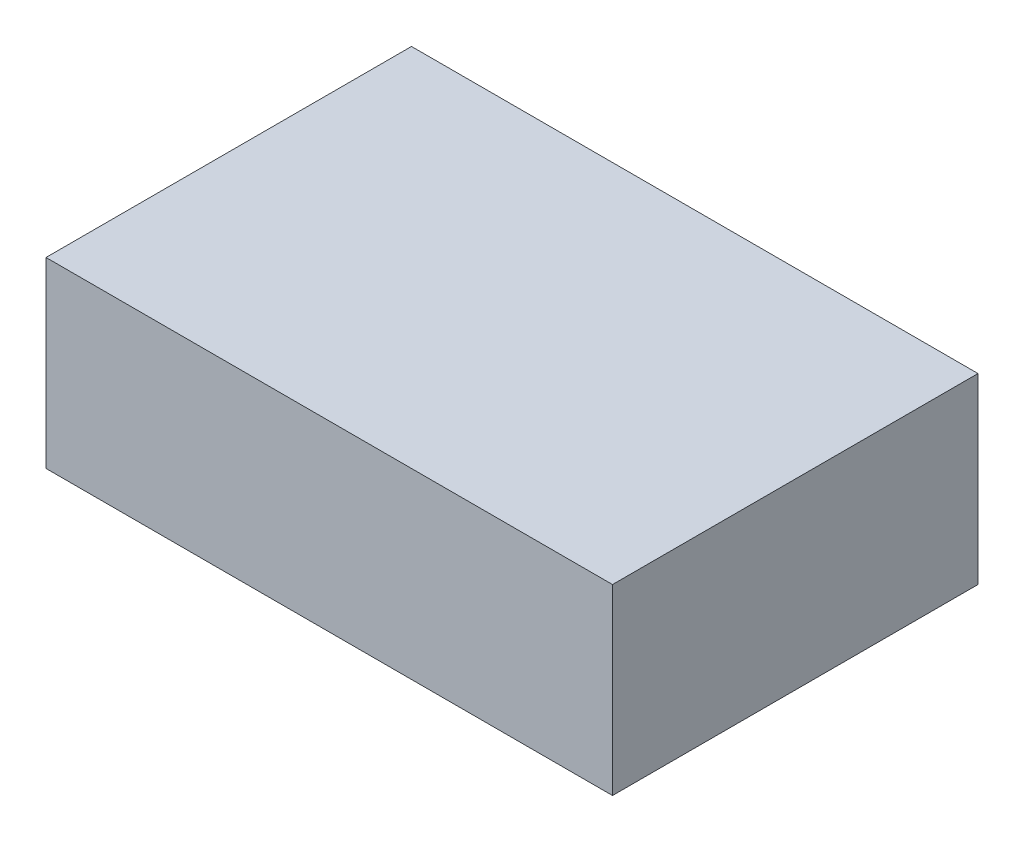
from build123d import *

# Parameters (mm, degrees)
SKETCH1_W           = 31
SKETCH1_H           = 20
BOSS_EXTRUDE1_DEPTH = 10


with BuildPart() as part:
    # Sketch1 → Boss-Extrude1 (new body)
    with BuildSketch(Plane(origin=(0, 0, 0), x_dir=(1, 0, 0), z_dir=(0, 1, 0))):
        with Locations((15.5, 10)):
            Rectangle(SKETCH1_W, SKETCH1_H)
    extrude(amount=BOSS_EXTRUDE1_DEPTH)


solid = part.part

★ ★ ★

» **Work to complete**: What is needed is an exact transcription of every entry, minus the pictures.

» **Exercise result**:
from build123d import *

# Parameters (mm, degrees)
SKETCH1_W           = 31
SKETCH1_H           = 20
BOSS_EXTRUDE1_DEPTH = 10


with BuildPart() as part:
    # Sketch1 → Boss-Extrude1 (new body)
    with BuildSketch(Plane(origin=(0, 0, 0), x_dir=(1, 0, 0), z_dir=(0, 1, 0))):
        with Locations((15.5, 10)):
            Rectangle(SKETCH1_W, SKETCH1_H)
    extrude(amount=BOSS_EXTRUDE1_DEPTH)


solid = part.part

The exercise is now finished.